---------- Dataset ----------

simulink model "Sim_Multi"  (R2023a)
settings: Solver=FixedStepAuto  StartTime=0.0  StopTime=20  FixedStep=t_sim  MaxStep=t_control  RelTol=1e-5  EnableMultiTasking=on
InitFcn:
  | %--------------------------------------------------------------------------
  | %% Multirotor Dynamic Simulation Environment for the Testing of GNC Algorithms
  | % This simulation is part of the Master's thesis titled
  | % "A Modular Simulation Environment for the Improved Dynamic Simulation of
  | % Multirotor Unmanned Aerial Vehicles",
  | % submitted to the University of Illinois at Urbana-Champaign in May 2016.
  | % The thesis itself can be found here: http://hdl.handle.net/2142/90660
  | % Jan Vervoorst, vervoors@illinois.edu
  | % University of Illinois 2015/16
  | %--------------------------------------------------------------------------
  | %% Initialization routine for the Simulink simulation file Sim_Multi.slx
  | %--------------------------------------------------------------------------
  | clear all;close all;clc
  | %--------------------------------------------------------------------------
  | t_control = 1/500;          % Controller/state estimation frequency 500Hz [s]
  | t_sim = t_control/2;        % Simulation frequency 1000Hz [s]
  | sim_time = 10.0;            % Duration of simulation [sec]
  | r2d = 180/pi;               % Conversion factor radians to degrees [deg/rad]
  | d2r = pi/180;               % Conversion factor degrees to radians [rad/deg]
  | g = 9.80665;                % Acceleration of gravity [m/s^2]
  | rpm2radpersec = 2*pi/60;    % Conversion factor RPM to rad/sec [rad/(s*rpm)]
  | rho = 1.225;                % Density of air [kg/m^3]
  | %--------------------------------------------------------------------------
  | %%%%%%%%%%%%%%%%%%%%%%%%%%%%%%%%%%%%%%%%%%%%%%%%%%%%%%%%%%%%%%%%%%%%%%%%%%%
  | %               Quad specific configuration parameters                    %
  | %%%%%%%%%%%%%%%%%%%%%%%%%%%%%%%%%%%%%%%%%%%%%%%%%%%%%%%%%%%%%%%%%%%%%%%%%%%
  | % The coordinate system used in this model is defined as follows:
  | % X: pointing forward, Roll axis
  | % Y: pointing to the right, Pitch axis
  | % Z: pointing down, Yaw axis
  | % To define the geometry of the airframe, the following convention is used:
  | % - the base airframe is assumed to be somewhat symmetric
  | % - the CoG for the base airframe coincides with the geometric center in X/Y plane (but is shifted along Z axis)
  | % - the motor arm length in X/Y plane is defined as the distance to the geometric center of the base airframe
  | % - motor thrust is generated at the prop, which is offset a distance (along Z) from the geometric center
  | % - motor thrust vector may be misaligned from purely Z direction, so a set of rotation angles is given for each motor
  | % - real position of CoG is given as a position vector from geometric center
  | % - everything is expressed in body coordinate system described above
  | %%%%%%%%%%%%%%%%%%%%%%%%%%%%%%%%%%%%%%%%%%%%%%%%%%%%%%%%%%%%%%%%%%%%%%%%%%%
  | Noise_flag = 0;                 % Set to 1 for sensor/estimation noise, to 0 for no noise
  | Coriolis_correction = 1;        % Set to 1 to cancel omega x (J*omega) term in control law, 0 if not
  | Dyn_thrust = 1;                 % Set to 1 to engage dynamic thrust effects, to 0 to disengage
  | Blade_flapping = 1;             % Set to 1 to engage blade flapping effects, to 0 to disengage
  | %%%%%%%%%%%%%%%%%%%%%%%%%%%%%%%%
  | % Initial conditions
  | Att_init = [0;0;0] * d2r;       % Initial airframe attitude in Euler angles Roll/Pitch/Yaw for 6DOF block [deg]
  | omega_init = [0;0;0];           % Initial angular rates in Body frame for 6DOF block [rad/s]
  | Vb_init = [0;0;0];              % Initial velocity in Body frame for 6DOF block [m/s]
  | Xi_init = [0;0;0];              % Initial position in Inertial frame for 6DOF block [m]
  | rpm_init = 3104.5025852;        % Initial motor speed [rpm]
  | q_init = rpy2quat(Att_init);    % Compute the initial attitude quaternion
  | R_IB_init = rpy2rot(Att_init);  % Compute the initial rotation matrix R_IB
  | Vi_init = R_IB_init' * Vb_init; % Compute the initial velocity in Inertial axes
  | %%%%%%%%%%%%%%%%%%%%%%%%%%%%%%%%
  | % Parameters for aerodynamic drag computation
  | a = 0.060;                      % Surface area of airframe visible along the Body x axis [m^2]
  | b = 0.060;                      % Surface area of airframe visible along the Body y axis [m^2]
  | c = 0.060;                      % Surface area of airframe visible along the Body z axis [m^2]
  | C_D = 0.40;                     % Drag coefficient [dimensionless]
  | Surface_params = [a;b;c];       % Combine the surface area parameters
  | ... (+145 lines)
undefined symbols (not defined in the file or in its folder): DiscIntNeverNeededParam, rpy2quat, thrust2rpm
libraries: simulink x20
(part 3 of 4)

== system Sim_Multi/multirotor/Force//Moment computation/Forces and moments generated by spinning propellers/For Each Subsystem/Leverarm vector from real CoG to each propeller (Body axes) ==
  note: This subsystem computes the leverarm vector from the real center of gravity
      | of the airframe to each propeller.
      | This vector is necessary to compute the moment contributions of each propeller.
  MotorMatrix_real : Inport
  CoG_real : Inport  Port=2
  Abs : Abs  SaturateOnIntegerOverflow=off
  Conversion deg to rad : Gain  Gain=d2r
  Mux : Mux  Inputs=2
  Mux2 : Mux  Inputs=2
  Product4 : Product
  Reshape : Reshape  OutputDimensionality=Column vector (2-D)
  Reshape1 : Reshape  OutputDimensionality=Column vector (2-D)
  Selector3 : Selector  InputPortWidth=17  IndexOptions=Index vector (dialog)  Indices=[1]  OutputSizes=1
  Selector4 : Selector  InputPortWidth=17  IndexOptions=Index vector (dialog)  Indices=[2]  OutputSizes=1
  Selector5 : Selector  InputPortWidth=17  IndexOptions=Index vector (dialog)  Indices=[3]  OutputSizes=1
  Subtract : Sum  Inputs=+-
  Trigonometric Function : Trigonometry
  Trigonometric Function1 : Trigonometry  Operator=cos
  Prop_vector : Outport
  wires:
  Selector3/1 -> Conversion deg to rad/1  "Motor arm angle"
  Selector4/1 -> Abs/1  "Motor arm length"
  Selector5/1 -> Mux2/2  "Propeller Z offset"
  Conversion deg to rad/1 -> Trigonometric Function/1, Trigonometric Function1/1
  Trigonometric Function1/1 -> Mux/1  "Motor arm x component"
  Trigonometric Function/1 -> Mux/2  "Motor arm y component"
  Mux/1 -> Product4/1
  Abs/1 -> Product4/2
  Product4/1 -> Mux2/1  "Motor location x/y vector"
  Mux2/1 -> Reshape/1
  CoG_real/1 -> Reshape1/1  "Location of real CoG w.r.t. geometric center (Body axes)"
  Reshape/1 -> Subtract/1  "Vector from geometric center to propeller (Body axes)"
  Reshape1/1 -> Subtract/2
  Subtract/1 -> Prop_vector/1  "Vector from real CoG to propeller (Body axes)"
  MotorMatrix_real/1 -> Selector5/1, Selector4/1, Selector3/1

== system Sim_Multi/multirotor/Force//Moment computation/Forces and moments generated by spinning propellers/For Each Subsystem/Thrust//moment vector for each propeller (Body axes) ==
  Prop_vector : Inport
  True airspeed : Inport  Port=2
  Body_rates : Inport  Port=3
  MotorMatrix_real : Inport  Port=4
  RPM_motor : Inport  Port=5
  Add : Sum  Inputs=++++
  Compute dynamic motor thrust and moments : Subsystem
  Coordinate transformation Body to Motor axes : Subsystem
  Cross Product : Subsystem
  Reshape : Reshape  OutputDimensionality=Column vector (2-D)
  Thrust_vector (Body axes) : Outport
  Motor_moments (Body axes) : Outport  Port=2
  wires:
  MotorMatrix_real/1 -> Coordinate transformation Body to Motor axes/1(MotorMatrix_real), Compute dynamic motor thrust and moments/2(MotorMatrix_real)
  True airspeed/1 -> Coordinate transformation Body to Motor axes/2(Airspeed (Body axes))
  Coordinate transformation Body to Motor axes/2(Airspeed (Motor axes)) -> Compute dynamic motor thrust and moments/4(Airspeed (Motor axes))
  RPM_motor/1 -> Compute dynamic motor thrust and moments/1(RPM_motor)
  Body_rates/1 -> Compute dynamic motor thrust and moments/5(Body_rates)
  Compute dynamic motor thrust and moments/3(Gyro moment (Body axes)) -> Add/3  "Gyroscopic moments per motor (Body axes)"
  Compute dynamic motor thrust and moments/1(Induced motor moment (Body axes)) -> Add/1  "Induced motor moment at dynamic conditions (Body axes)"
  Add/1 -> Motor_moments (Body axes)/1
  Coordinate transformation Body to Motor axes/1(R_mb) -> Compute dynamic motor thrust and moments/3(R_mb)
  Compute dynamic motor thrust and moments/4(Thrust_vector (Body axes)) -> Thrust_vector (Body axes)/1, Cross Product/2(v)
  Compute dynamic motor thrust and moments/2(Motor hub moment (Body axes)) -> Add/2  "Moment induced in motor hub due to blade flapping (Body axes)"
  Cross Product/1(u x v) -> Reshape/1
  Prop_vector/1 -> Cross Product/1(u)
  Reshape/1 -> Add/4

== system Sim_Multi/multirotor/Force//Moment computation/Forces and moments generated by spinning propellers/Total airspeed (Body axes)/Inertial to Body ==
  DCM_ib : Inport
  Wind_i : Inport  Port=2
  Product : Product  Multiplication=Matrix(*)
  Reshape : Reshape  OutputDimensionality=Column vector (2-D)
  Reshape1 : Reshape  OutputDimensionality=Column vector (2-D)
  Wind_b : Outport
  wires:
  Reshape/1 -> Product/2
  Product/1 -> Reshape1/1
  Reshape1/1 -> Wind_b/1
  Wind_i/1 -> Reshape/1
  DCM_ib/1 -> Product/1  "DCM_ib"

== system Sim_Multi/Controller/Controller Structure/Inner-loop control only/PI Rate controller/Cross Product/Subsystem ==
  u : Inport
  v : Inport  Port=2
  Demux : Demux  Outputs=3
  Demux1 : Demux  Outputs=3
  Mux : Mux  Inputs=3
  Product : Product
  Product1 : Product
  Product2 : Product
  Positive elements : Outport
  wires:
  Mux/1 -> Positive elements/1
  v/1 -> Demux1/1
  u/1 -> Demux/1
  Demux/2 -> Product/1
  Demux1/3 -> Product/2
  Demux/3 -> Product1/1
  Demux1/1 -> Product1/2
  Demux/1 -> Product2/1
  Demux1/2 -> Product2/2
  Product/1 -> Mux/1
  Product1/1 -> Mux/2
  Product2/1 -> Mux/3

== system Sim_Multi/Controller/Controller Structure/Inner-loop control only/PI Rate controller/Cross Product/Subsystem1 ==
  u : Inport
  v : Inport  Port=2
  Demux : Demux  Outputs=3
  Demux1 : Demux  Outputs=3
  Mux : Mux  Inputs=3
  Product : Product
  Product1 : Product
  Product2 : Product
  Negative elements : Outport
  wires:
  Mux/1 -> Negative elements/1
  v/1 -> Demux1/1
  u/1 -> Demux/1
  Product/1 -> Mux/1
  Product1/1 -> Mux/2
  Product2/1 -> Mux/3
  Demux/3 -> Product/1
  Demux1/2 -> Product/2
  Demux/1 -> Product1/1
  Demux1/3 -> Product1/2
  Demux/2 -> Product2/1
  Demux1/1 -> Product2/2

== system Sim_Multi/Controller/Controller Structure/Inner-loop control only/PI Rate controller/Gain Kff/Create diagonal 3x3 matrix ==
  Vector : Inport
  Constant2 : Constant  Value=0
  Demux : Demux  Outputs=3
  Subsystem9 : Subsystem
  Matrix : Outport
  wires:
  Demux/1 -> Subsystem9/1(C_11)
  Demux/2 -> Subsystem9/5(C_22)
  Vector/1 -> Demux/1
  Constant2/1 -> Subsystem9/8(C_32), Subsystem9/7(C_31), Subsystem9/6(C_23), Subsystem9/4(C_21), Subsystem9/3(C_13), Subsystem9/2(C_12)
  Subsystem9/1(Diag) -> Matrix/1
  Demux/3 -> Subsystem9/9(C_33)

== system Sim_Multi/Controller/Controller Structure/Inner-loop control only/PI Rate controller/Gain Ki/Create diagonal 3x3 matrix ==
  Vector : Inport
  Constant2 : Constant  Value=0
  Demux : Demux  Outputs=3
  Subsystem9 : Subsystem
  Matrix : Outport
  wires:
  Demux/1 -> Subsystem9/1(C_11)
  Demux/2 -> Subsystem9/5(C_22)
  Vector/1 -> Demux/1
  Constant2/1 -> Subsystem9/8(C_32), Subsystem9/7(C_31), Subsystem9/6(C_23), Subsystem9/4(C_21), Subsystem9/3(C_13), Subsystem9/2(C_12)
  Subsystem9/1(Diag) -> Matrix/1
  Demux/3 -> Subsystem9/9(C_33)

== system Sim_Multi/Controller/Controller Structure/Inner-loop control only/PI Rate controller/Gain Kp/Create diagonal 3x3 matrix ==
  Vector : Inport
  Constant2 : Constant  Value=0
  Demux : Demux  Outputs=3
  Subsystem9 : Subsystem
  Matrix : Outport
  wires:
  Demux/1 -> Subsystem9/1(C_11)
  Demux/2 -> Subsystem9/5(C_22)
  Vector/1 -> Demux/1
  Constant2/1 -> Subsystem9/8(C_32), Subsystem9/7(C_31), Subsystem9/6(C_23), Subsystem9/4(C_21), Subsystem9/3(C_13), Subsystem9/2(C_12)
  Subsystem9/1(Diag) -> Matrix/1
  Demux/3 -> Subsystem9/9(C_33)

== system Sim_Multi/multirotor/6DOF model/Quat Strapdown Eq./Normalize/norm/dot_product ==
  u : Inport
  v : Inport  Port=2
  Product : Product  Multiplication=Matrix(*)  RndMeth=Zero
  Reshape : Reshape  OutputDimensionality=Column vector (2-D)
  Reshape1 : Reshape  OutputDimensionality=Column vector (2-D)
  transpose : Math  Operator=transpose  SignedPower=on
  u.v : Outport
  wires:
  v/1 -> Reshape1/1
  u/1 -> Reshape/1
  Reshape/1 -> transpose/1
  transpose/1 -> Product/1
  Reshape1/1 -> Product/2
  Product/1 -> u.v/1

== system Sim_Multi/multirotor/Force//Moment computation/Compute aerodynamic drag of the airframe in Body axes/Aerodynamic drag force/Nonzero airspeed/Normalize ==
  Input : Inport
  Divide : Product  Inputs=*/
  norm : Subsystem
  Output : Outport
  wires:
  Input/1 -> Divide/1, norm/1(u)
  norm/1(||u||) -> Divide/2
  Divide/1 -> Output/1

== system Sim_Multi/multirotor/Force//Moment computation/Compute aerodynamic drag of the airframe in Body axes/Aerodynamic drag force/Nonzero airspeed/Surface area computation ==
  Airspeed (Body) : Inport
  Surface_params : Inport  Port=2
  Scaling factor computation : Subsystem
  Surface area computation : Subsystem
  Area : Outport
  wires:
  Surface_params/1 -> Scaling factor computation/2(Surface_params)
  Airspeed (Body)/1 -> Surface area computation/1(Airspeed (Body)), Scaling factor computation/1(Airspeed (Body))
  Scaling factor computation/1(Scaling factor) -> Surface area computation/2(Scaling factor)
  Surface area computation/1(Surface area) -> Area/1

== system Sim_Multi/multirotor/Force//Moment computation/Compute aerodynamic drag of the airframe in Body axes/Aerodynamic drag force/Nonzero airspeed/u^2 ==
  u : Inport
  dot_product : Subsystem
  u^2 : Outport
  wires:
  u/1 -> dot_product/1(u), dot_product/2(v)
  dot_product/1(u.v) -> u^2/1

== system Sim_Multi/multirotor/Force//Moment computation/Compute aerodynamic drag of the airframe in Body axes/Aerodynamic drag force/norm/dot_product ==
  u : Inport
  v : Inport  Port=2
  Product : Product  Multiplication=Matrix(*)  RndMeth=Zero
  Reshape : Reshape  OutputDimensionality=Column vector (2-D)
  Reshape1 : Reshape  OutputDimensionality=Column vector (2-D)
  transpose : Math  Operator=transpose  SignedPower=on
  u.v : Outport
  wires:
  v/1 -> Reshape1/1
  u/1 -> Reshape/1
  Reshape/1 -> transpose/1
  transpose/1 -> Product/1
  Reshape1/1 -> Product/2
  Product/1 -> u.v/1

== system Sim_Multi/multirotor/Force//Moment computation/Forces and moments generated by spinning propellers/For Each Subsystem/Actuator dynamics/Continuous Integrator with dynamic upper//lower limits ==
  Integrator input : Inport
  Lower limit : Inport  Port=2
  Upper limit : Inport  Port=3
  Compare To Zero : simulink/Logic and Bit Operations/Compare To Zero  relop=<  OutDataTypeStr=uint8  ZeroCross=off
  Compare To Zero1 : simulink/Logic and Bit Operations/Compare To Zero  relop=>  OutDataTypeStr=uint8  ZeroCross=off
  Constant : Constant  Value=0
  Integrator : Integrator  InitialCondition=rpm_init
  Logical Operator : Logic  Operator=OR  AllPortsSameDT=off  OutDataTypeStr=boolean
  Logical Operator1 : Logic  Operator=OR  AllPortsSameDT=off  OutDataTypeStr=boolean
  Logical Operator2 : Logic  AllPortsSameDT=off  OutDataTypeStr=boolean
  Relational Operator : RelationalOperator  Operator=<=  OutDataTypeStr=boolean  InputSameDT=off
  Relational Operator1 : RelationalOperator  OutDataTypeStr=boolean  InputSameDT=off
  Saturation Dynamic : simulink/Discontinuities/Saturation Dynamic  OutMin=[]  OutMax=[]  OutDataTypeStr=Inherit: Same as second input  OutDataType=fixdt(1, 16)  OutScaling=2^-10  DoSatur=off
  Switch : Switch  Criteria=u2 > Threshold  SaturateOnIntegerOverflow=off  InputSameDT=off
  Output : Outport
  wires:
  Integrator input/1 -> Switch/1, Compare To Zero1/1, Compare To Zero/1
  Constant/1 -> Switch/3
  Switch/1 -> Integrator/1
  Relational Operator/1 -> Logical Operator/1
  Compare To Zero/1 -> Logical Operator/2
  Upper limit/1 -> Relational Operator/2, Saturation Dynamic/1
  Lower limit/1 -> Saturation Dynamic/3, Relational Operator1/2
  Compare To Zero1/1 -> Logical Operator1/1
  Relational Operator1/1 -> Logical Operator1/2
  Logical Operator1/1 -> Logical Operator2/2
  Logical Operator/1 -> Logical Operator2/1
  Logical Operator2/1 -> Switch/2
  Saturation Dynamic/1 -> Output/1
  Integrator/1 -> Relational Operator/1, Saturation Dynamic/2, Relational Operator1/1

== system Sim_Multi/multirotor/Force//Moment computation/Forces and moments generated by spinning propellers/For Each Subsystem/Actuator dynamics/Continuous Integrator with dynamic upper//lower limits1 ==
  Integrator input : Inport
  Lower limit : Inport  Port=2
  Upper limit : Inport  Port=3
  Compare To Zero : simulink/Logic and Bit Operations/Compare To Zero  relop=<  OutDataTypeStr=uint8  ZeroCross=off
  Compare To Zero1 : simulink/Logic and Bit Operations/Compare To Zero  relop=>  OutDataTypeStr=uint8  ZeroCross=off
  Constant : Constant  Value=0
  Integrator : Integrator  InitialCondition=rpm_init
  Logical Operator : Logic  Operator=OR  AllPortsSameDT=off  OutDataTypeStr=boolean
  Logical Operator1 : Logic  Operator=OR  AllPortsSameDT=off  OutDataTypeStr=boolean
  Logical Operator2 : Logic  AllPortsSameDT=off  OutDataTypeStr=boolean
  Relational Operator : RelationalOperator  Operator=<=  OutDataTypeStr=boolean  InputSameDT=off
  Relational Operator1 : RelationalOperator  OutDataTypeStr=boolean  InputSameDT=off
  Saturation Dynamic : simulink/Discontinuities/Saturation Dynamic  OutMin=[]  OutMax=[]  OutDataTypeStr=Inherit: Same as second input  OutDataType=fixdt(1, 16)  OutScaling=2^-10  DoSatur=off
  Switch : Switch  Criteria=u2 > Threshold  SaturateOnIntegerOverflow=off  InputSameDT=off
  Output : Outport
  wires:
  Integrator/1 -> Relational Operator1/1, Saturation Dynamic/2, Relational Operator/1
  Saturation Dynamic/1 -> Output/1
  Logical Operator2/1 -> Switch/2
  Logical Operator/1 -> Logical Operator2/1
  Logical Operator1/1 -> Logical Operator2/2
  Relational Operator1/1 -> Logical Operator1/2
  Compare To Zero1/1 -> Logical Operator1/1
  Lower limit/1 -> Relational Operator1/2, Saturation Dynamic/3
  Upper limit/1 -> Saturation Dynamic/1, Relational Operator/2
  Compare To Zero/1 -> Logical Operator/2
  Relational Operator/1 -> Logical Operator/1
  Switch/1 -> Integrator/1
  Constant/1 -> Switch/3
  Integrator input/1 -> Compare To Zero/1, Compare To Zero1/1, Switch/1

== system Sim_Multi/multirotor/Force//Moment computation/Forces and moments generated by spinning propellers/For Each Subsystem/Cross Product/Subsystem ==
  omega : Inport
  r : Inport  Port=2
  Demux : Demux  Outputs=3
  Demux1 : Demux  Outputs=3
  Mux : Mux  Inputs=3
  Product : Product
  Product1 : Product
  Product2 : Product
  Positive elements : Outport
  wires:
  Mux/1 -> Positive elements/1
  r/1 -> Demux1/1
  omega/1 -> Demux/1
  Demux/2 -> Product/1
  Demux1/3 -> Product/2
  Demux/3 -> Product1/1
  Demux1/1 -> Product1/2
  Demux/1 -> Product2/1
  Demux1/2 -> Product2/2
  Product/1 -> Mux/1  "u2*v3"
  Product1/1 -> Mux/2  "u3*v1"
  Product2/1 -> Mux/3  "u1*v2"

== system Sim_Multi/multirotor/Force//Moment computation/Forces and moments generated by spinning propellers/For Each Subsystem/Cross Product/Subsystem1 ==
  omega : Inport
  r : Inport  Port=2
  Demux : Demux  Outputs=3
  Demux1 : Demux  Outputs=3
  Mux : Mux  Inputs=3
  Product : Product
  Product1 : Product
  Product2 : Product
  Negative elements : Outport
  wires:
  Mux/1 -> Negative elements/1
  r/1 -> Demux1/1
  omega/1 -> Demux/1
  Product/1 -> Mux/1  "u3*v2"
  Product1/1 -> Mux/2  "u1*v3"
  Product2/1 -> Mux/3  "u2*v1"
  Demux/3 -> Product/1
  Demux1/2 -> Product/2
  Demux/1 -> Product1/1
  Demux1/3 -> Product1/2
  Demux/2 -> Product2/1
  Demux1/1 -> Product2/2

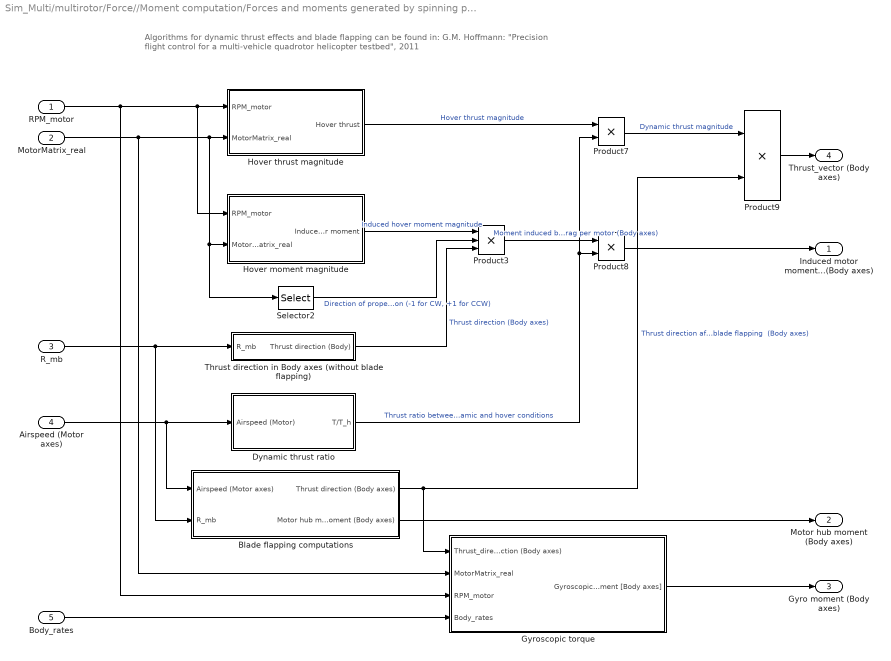
== system Sim_Multi/multirotor/Force//Moment computation/Forces and moments generated by spinning propellers/For Each Subsystem/Thrust//moment vector for each propeller (Body axes)/Compute dynamic motor thrust and moments ==
  note: Algorithms for dynamic thrust effects and blade flapping can be found in:
      | G.M. Hoffmann: "Precision flight control for a multi-vehicle quadrotor helicopter testbed", 2011
  RPM_motor : Inport
  MotorMatrix_real : Inport  Port=2
  R_mb : Inport  Port=3
  Airspeed (Motor axes) : Inport  Port=4
  Body_rates : Inport  Port=5
  Blade flapping computations : Subsystem
  Dynamic thrust ratio : Subsystem
  Gyroscopic torque : Subsystem
  Hover moment magnitude : Subsystem
  Hover thrust magnitude : Subsystem
  Product3 : Product  Inputs=3
  Product7 : Product
  Product8 : Product
  Product9 : Product
  Selector2 : Selector  InputPortWidth=17  IndexOptions=Index vector (dialog)  Indices=[4]  OutputSizes=1
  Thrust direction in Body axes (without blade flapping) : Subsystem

----------

*The task:* Look through the entries, and return every line that the word "direction" appears in.

*Answer for this exercise:*
  | % - motor thrust vector may be misaligned from purely Z direction, so a set of rotation angles is given for each motor
  Thrust direction in Body axes (without blade flapping) : Subsystem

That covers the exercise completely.